Use this link to download the dataset.
- Unzip the downloaded file.
- Setup the training data in the following structure:-
tacotron (project dir)
|- training
|- vgg19
| |- vgg19.npy
|- bird-00001.npy
|- bird-00002.npy
|- ...
|- chirp-mel-00001.npy
|- chirp-mel-00002.npy
|- ...
|- chirp-spec-00001.npy
|- chirp-spec-00002.npy
|- ...
|- train.txt
-
Train model
python3 train.py
-
Monitor with Tensorboard (optional)
tensorboard --logdir ~/tacotron/logs-tacotron
The trainer dumps audio and alignments every 1000 steps.

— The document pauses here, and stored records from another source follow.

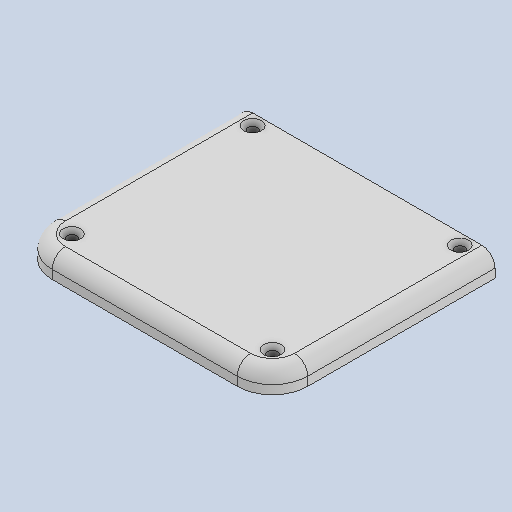
# Autodesk Inventor part: Closing_Stepper_2
Saved by Autodesk Inventor 2022.3 (Build 263350000, 350)
## iProperties
Created: 2023-03-29
Part Number: Closing_Stepper_2
Material: Generic
Document SubType Name: Modeling
Designer: Manuel Hueso Béjar
Density: 1 g/cm^3
Appearance: Default
Author: Manuel Hueso Béjar
Autodesk Inventor part; units mm, degrees
ref_plane "YZ Plane" through (0, 0, 0) normal (1, 0, 0) x (0, 1, 0)
ref_plane "XZ Plane" through (0, 0, 0) normal (0, 1, 0) x (-1, 0, 0)
ref_plane "XY Plane" through (0, 0, 0) normal (0, 0, 1) x (1, 0, 0)
sketch "Sketch1" plane through (0, 0, 0) normal (0, 1, 0) x (-1, 0, 0)
  line L0 (-26, 23.75) -> (26, 23.75)
  line L1 (26, 23.75) -> (26, -23.75)
  line L2 (26, -23.75) -> (-26, -23.75)
  line L3 (-26, -23.75) -> (-26, 23.75)
  line L4 (-26, 23.75) -> (26, -23.75) construction
  line L5 (26, 23.75) -> (-26, -23.75) construction
  point P0 (0, 0)
  dimension "d0" = 52
  dimension "d1" = 47.5
  constraints: 12 end point, 2 midpoint, 2 parallel, 1 horizontal, 1 perpendicular
  measures "d0" distance of L1.end L2.end
  measures "d1" distance of L0.end L1.end
extrude "Extrusion1" add sketch "Sketch1" along normal blind 3
fillet "Fillet1" radius 5 2 edges at (26, 1.5, 23.75) (-26, 1.5, 23.75)
sketch "Sketch2" plane through (0, 3, 0) normal (0, 1, 0) x (1, 0, 0)
  arc A0 (-26, -18.75) -> (-21, -23.75) centre (-21, -18.75) ccw projected
  line L0 (-21, -23.75) -> (21, -23.75) projected
  arc A1 (21, -23.75) -> (26, -18.75) centre (21, -18.75) ccw projected
  line L1 (26, -18.75) -> (26, 23.75) projected
  line L2 (26, 23.75) -> (-26, 23.75) projected
  line L3 (-26, 23.75) -> (-26, -18.75) projected
  line L4 (29, 26.75) -> (29, -18.75)
  arc A2 (21, -26.75) -> (29, -18.75) centre (21, -18.75) ccw
  line L5 (21, -26.75) -> (-21, -26.75)
  arc A3 (-29, -18.75) -> (-21, -26.75) centre (-21, -18.75) ccw
  line L6 (-29, -18.75) -> (-29, 26.75)
  line L7 (-29, 26.75) -> (29, 26.75)
  point P0 (0, 0)
  dimension "d5" = 3
  constraints: 8 end point, 4 point on circle, 2 centre point, 5 other
  measures "d5" distance between parallel lines of L1 L4
extrude "Extrusion2" add sketch "Sketch2" against normal blind 5
sketch "Sketch3" plane through (0, 3, 0) normal (0, 1, 0) x (1, 0, 0)
  line L0 (26, -18.75) -> (26, 23.75) projected
  line L1 (29, 26.75) -> (26, 26.75)
  line L2 (26, 26.75) -> (26, 23.75)
  line L3 (26, 23.75) -> (29, 23.75)
  line L4 (29, 23.75) -> (29, 26.75)
  line L5 (26, 23.75) -> (21, 23.75)
  line L6 (21, 23.75) -> (21, 18.75)
  line L7 (21, 18.75) -> (26, 18.75)
  line L8 (26, 18.75) -> (26, 23.75)
  line L9 (-29, 26.75) -> (-26, 26.75)
  line L10 (-26, 26.75) -> (-26, 23.75)
  line L11 (-26, 23.75) -> (-29, 23.75)
  line L12 (-29, 23.75) -> (-29, 26.75)
  line L13 (-26, 23.75) -> (-21, 23.75)
  line L14 (-21, 23.75) -> (-21, 18.75)
  line L15 (-21, 18.75) -> (-26, 18.75)
  line L16 (-26, 18.75) -> (-26, 23.75)
  arc A0 (-29, -18.75) -> (-21, -26.75) centre (-21, -18.75) ccw projected
  line L17 (21, 18.75) -> (-21, 18.75)
  line L18 (-21, 18.75) -> (-21, -18.75)
  line L19 (-21, -18.75) -> (21, -18.75)
  line L20 (21, -18.75) -> (21, 18.75)
  line L21 (-21, -18.75) -> (-26, -18.75)
  line L22 (-26, -18.75) -> (-26, -23.75)
  line L23 (-26, -23.75) -> (-21, -23.75)
  line L24 (-21, -23.75) -> (-21, -18.75)
  line L25 (-21, -18.75) -> (-24.5355, -22.2855)
  line L26 (-21, -18.75) -> (-16, -18.75) construction
  line L27 (21, -18.75) -> (24.5355, -22.2855)
  line L28 (24.5355, -22.2855) -> (-24.5355, -22.2855)
  line L29 (26, 18.75) -> (21, 23.75)
  line L30 (-21, 23.75) -> (-26, 18.75)
  line L31 (22.7678, -20.5178) -> (-22.7678, -20.5178)
  line L32 (23.5, 21.25) -> (-23.5, 21.25)
  point P0 (0, 0)
  dimension "d8" = 3
  dimension "d9" = 3
  dimension "d10" = 5
  dimension "d11" = 5
  dimension "d12" = 3
  dimension "d13" = 3
  dimension "d14" = 5
  dimension "d15" = 5
  dimension "d16" = 37.5
  dimension "d17" = 5
  dimension "d18" = 5
  dimension "d19" = 5
  dimension "d20" = 135
  dimension "d21" = 5
  constraints: 64 end point, 12 parallel, 8 horizontal, 6 perpendicular, 4 midpoint, 1 equal length
  measures "d8" distance of L3.end L0.end
  measures "d9" distance of L0.end L1.end
  measures "d10" distance of L7.end L6.end
  measures "d11" distance of L6.end L5.end
  measures "d12" distance of L10.end L11.end
  measures "d13" distance of L9.end L10.end
  measures "d14" distance of L14.end L15.end
  measures "d15" distance of L13.end L14.end
  measures "d16" distance of L18.end L17.end
  measures "d17" distance of L23.end L22.end
  measures "d18" distance of L22.end L21.end
  measures "d19" distance of L18.end L25.end
  measures "d20" angle of L25 L26
  measures "d21" distance of L19.end L27.end
hole "Hole1" at (-23.5, 3, -21.25) at (23.5, 3, -21.25) at (22.7678, 3, 20.5178) at (-22.7678, 3, 20.5178) direction (0, -1, 0) diameter 2.2 end through all countersink diameter 4 countersink angle 90
fillet "Fillet2" radius 3 5 edges at (26.6569, 3, 24.4069) (0, 3, 26.75) (-26.6569, 3, 24.4069) (-29, 3, -4) (29, 3, -4)
thicken "Thicken1" operation add thickness 3 both sides no extend neighbours yes toward (0, 0, 1) faces at (8.6667, -0.3333, -26.75)
body "Solid1"
Autodesk Inventor part; units mm, degrees
(part 2 of 3)
  line L1044 (421.44, -35) -> (424.615, -35) projected
  line L1045 (421.44, -45) -> (421.44, -35) projected
  line L1046 (424.615, -45) -> (421.44, -45) projected
  line L1047 (424.615, -45) -> (424.615, -55) projected
  line L1048 (421.44, -55) -> (424.615, -55) projected
  line L1049 (421.44, -65) -> (421.44, -55) projected
  line L1050 (424.615, -65) -> (421.44, -65) projected
  line L1051 (424.615, -65) -> (424.615, -75) projected
  line L1052 (421.44, -75) -> (424.615, -75) projected
  line L1053 (421.44, -75) -> (421.44, -86.825) projected
  line L1054 (421.44, -86.825) -> (426.44, -86.825) projected
  line L1055 (426.44, -86.825) -> (426.44, -90) projected
  line L1056 (426.44, -90) -> (436.44, -90) projected
  line L1057 (436.44, -90) -> (436.44, -86.825) projected
  line L1058 (436.44, -86.825) -> (446.44, -86.825) projected
  line L1059 (446.44, -86.825) -> (446.44, -90) projected
  line L1060 (446.44, -90) -> (456.44, -90) projected
  line L1061 (456.44, -90) -> (456.44, -86.825) projected
  line L1062 (456.44, -86.825) -> (466.44, -86.825) projected
  line L1063 (466.44, -86.825) -> (466.44, -90) projected
  line L1064 (466.44, -90) -> (476.44, -90) projected
  line L1065 (476.44, -90) -> (476.44, -86.825) projected
  line L1066 (476.44, -86.825) -> (486.44, -86.825) projected
  line L1067 (486.44, -86.825) -> (486.44, -90) projected
  line L1068 (486.44, -90) -> (496.44, -90) projected
  line L1069 (496.44, -90) -> (496.44, -86.825) projected
  line L1070 (496.44, -86.825) -> (506.44, -86.825) projected
  line L1071 (506.44, -86.825) -> (506.44, -90) projected
  line L1072 (506.44, -90) -> (516.44, -90) projected
  line L1073 (516.44, -90) -> (516.44, -86.825) projected
  line L1074 (516.44, -86.825) -> (526.44, -86.825) projected
  line L1075 (526.44, -86.825) -> (526.44, -90) projected
  line L1076 (526.44, -90) -> (536.44, -90) projected
  line L1077 (536.44, -90) -> (536.44, -86.825) projected
  line L1078 (536.44, -86.825) -> (541.44, -86.825) projected
  line L1079 (541.44, -86.825) -> (541.44, -75) projected
  line L1080 (541.44, -75) -> (538.265, -75) projected
  line L1081 (538.265, -75) -> (538.265, -65) projected
  line L1082 (538.265, -65) -> (541.44, -65) projected
  line L1083 (541.44, -65) -> (541.44, -55) projected
  line L1084 (541.44, -55) -> (538.265, -55) projected
  line L1085 (538.265, -55) -> (538.265, -51.5) projected
  line L1086 (538.265, -51.5) -> (536.265, -51.5) projected
  line L1087 (536.265, -51.5) -> (536.265, -52.75) projected
  line L1088 (536.265, -52.75) -> (533.765, -52.75) projected
  line L1089 (533.765, -52.75) -> (533.765, -51.5) projected
  line L1090 (533.765, -51.5) -> (527.44, -51.5) projected
  line L1091 (527.44, -51.5) -> (527.44, -48.5) projected
  line L1092 (527.44, -48.5) -> (533.765, -48.5) projected
  line L1093 (533.765, -48.5) -> (533.765, -47.25) projected
  line L1094 (533.765, -47.25) -> (536.265, -47.25) projected
  line L1095 (536.265, -47.25) -> (536.265, -48.5) projected
  circle A30 centre (504.4372, -27.4451) radius 3 projected
  circle A31 centre (458.4428, 54) radius 3 projected
  circle A32 centre (504.4372, 27.4451) radius 3 projected
  circle A33 centre (458.4428, -54) radius 3 projected
  circle A34 centre (466.44, 8.175) radius 11 projected
  line L1096 (541.56, 86.945) -> (541.56, 74.88)
  line L1097 (541.56, 74.88) -> (538.385, 74.88)
  line L1098 (538.385, 74.88) -> (538.385, 65.12)
  line L1099 (538.385, 65.12) -> (541.56, 65.12)
  line L1100 (541.56, 65.12) -> (541.56, 54.88)
  line L1101 (541.56, 54.88) -> (538.385, 54.88)
  line L1102 (538.385, 54.88) -> (538.385, 51.38)
  line L1103 (538.385, 51.38) -> (536.145, 51.38)
  line L1104 (536.145, 51.38) -> (536.145, 52.63)
  line L1105 (536.145, 52.63) -> (533.885, 52.63)
  line L1106 (533.885, 52.63) -> (533.885, 51.38)
  line L1107 (533.885, 51.38) -> (527.56, 51.38)
  line L1108 (527.56, 51.38) -> (527.56, 48.62)
  line L1109 (527.56, 48.62) -> (533.885, 48.62)
  line L1110 (533.885, 48.62) -> (533.885, 47.37)
  line L1111 (533.885, 47.37) -> (536.145, 47.37)
  line L1112 (536.145, 47.37) -> (536.145, 48.62)
  line L1113 (536.145, 48.62) -> (538.385, 48.62)
  line L1114 (538.385, 48.62) -> (538.385, 45.12)
  line L1115 (538.385, 45.12) -> (541.56, 45.12)
  line L1116 (541.56, 45.12) -> (541.56, 34.88)
  line L1117 (541.56, 34.88) -> (538.385, 34.88)
  line L1118 (538.385, 34.88) -> (538.385, 25.12)
  line L1119 (538.385, 25.12) -> (541.56, 25.12)
  line L1120 (541.56, 25.12) -> (541.56, 14.88)
  line L1121 (541.56, 14.88) -> (538.385, 14.88)
  line L1122 (538.385, 14.88) -> (538.385, 5.12)
  line L1123 (538.385, 5.12) -> (541.56, 5.12)
  line L1124 (541.56, 5.12) -> (541.56, -5.12)
  line L1125 (541.56, -5.12) -> (538.385, -5.12)
  line L1126 (538.385, -5.12) -> (538.385, -14.88)
  line L1127 (538.385, -14.88) -> (541.56, -14.88)
  line L1128 (541.56, -14.88) -> (541.56, -25.12)
  line L1129 (541.56, -25.12) -> (538.385, -25.12)
  line L1130 (538.385, -25.12) -> (538.385, -34.88)
  line L1131 (538.385, -34.88) -> (541.56, -34.88)
  line L1132 (541.56, -34.88) -> (541.56, -45.12)
  line L1133 (541.56, -45.12) -> (538.385, -45.12)
  line L1134 (538.385, -45.12) -> (538.385, -48.62)
  line L1135 (538.385, -48.62) -> (536.145, -48.62)
  line L1136 (536.145, -48.62) -> (536.145, -47.37)
  line L1137 (536.145, -47.37) -> (533.885, -47.37)
  line L1138 (533.885, -47.37) -> (533.885, -48.62)
  line L1139 (533.885, -48.62) -> (527.56, -48.62)
  line L1140 (527.56, -48.62) -> (527.56, -51.38)
  line L1141 (527.56, -51.38) -> (533.885, -51.38)
  line L1142 (533.885, -51.38) -> (533.885, -52.63)
  line L1143 (533.885, -52.63) -> (536.145, -52.63)
  line L1144 (536.145, -52.63) -> (536.145, -51.38)
  line L1145 (536.145, -51.38) -> (538.385, -51.38)
  line L1146 (538.385, -51.38) -> (538.385, -54.88)
  line L1147 (538.385, -54.88) -> (541.56, -54.88)
  line L1148 (541.56, -54.88) -> (541.56, -65.12)
  line L1149 (541.56, -65.12) -> (538.385, -65.12)
  line L1150 (538.385, -65.12) -> (538.385, -74.88)
  line L1151 (538.385, -74.88) -> (541.56, -74.88)
  line L1152 (541.56, -74.88) -> (541.56, -86.945)
  line L1153 (541.56, -86.945) -> (536.56, -86.945)
  line L1154 (536.56, -86.945) -> (536.56, -90.12)
  line L1155 (536.56, -90.12) -> (526.32, -90.12)
  line L1156 (526.32, -90.12) -> (526.32, -86.945)
  line L1157 (526.32, -86.945) -> (516.56, -86.945)
  line L1158 (516.56, -86.945) -> (516.56, -90.12)
  line L1159 (516.56, -90.12) -> (506.32, -90.12)
  line L1160 (506.32, -90.12) -> (506.32, -86.945)
  line L1161 (506.32, -86.945) -> (496.56, -86.945)
  line L1162 (496.56, -86.945) -> (496.56, -90.12)
  line L1163 (496.56, -90.12) -> (486.32, -90.12)
  line L1164 (486.32, -90.12) -> (486.32, -86.945)
  line L1165 (486.32, -86.945) -> (476.56, -86.945)
  line L1166 (476.56, -86.945) -> (476.56, -90.12)
  line L1167 (476.56, -90.12) -> (466.32, -90.12)
  line L1168 (466.32, -90.12) -> (466.32, -86.945)
  line L1169 (466.32, -86.945) -> (456.56, -86.945)
  line L1170 (456.56, -86.945) -> (456.56, -90.12)
  line L1171 (456.56, -90.12) -> (446.32, -90.12)
  line L1172 (446.32, -90.12) -> (446.32, -86.945)
  line L1173 (446.32, -86.945) -> (436.56, -86.945)
  line L1174 (436.56, -86.945) -> (436.56, -90.12)
  line L1175 (436.56, -90.12) -> (426.32, -90.12)
  line L1176 (426.32, -90.12) -> (426.32, -86.945)
  line L1177 (426.32, -86.945) -> (421.32, -86.945)
  line L1178 (421.32, -86.945) -> (421.32, -74.88)
  line L1179 (421.32, -74.88) -> (424.495, -74.88)
  line L1180 (424.495, -74.88) -> (424.495, -65.12)
  line L1181 (424.495, -65.12) -> (421.32, -65.12)
  line L1182 (421.32, -65.12) -> (421.32, -54.88)
  line L1183 (421.32, -54.88) -> (424.495, -54.88)
  line L1184 (424.495, -54.88) -> (424.495, -45.12)
  line L1185 (424.495, -45.12) -> (421.32, -45.12)
  line L1186 (421.32, -45.12) -> (421.32, -34.88)
  line L1187 (421.32, -34.88) -> (424.495, -34.88)
  line L1188 (424.495, -34.88) -> (424.495, -25.12)
  line L1189 (424.495, -25.12) -> (421.32, -25.12)
  line L1190 (421.32, -25.12) -> (421.32, -14.88)
  line L1191 (421.32, -14.88) -> (424.495, -14.88)
  line L1192 (424.495, -14.88) -> (424.495, -5.12)
  line L1193 (424.495, -5.12) -> (421.32, -5.12)
  line L1194 (421.32, -5.12) -> (421.32, 5.12)
  line L1195 (421.32, 5.12) -> (424.495, 5.12)
  line L1196 (424.495, 5.12) -> (424.495, 14.88)
  line L1197 (424.495, 14.88) -> (421.32, 14.88)
  line L1198 (421.32, 14.88) -> (421.32, 25.12)
  line L1199 (421.32, 25.12) -> (424.495, 25.12)
  line L1200 (424.495, 25.12) -> (424.495, 34.88)
  line L1201 (424.495, 34.88) -> (421.32, 34.88)
  line L1202 (421.32, 34.88) -> (421.32, 45.12)
  line L1203 (421.32, 45.12) -> (424.495, 45.12)
  line L1204 (424.495, 45.12) -> (424.495, 54.88)
  line L1205 (424.495, 54.88) -> (421.32, 54.88)
  line L1206 (421.32, 54.88) -> (421.32, 65.12)
  line L1207 (421.32, 65.12) -> (424.495, 65.12)
  line L1208 (424.495, 65.12) -> (424.495, 74.88)
  line L1209 (424.495, 74.88) -> (421.32, 74.88)
  line L1210 (421.32, 74.88) -> (421.32, 86.945)
  line L1211 (421.32, 86.945) -> (426.32, 86.945)
  line L1212 (426.32, 86.945) -> (426.32, 90.12)
  line L1213 (426.32, 90.12) -> (436.56, 90.12)
  line L1214 (436.56, 90.12) -> (436.56, 86.945)
  line L1215 (436.56, 86.945) -> (446.32, 86.945)
  line L1216 (446.32, 86.945) -> (446.32, 90.12)
  line L1217 (446.32, 90.12) -> (456.56, 90.12)
  line L1218 (456.56, 90.12) -> (456.56, 86.945)
  line L1219 (456.56, 86.945) -> (466.32, 86.945)
  line L1220 (466.32, 86.945) -> (466.32, 90.12)
  line L1221 (466.32, 90.12) -> (476.56, 90.12)
  line L1222 (476.56, 90.12) -> (476.56, 86.945)
  line L1223 (476.56, 86.945) -> (486.32, 86.945)
  line L1224 (486.32, 86.945) -> (486.32, 90.12)
  line L1225 (486.32, 90.12) -> (496.56, 90.12)
  line L1226 (496.56, 90.12) -> (496.56, 86.945)
  line L1227 (496.56, 86.945) -> (506.32, 86.945)
  line L1228 (506.32, 86.945) -> (506.32, 90.12)
  line L1229 (506.32, 90.12) -> (516.56, 90.12)
  line L1230 (516.56, 90.12) -> (516.56, 86.945)
  line L1231 (516.56, 86.945) -> (526.32, 86.945)
  line L1232 (526.32, 86.945) -> (526.32, 90.12)
  line L1233 (526.32, 90.12) -> (536.56, 90.12)
  line L1234 (536.56, 90.12) -> (536.56, 86.945)
  line L1235 (536.56, 86.945) -> (541.56, 86.945)
  circle A35 centre (527.16, 0) radius 0.958
  circle A36 centre (519.54, 0) radius 0.958
  line L1236 (525.135, -13.215) -> (521.565, -13.215)
  line L1237 (521.565, -13.215) -> (521.565, -2.025)
  line L1238 (521.565, -2.025) -> (525.135, -2.025)
  line L1239 (525.135, -2.025) -> (525.135, -13.215)
  circle A37 centre (527.16, -15.24) radius 0.958
  circle A38 centre (519.54, -15.24) radius 1.198
  circle A39 centre (504.4372, 27.4451) radius 2.88
  circle A40 centre (504.4372, -27.4451) radius 2.88
  circle A41 centre (533.716, -59.1479) radius 0.958
  circle A42 centre (498.716, -59.1479) radius 0.958
  circle A43 centre (458.4428, 54) radius 2.88
  circle A44 centre (466.44, 8.175) radius 10.88
  line L1240 (404.895, -13.335) -> (401.085, -13.335) projected
  line L1241 (401.085, -13.335) -> (401.085, -1.905) projected
  line L1242 (401.085, -1.905) -> (404.895, -1.905) projected
  line L1243 (404.895, -1.905) -> (404.895, -13.335) projected
  circle A45 centre (399.18, -15.24) radius 1.078 projected
  circle A46 centre (406.8, 0) radius 1.078 projected
  circle A47 centre (406.8, -15.24) radius 1.078 projected
  circle A48 centre (399.18, 0) radius 1.078 projected
  line L1244 (415.905, -48.5) -> (417.905, -48.5) projected
  line L1245 (417.905, -48.5) -> (417.905, -45) projected
  line L1246 (417.905, -45) -> (421.08, -45) projected
  line L1247 (421.08, -45) -> (421.08, -35) projected
  line L1248 (421.08, -35) -> (417.905, -35) projected
  line L1249 (417.905, -35) -> (417.905, -25) projected
  line L1250 (417.905, -25) -> (421.08, -25) projected
  line L1251 (421.08, -25) -> (421.08, -15) projected
  line L1252 (421.08, -15) -> (417.905, -15) projected
  line L1253 (417.905, -15) -> (417.905, -5) projected
  line L1254 (417.905, -5) -> (421.08, -5) projected
  line L1255 (421.08, -5) -> (421.08, 5) projected
  line L1256 (421.08, 5) -> (417.905, 5) projected
  line L1257 (417.905, 5) -> (417.905, 15) projected
  line L1258 (417.905, 15) -> (421.08, 15) projected
  line L1259 (421.08, 15) -> (421.08, 25) projected
  line L1260 (421.08, 25) -> (417.905, 25) projected
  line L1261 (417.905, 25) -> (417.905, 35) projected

You can find these in
~/tacotron/logs-tacotron
. -
Test your model
python3 test.py --checkpoint ~/tacotron/logs-tacotron/model.ckpt-185000 --image_path ~/path/to/input/image
- Set up the followinng directory structure given raw images and audio
├── raw_data
├── imgs # Folder contains all the images of the birds from 6 different breeds
│ ├── 0 # Duck
│ ├── 1 # Hawk
│ ├── 2 # Owl
│ ├── 3 # Seagull
│ └── 4 # Macaw
│ └── 5 # Rooster
└── wavs # Folder contains all the sounds of the birds from 6 different breeds
├── 0 # Duck
├── 1 # Hawk
├── 2 # Owl
├── 3 # Seagull
└── 4 # Macaw
└── 5 # Rooster
-
Data generation
-
Download pretrained VGG19 NPY to your project root directory.
-
Preprocess data and generate dataset.
python3 preprocess.py
-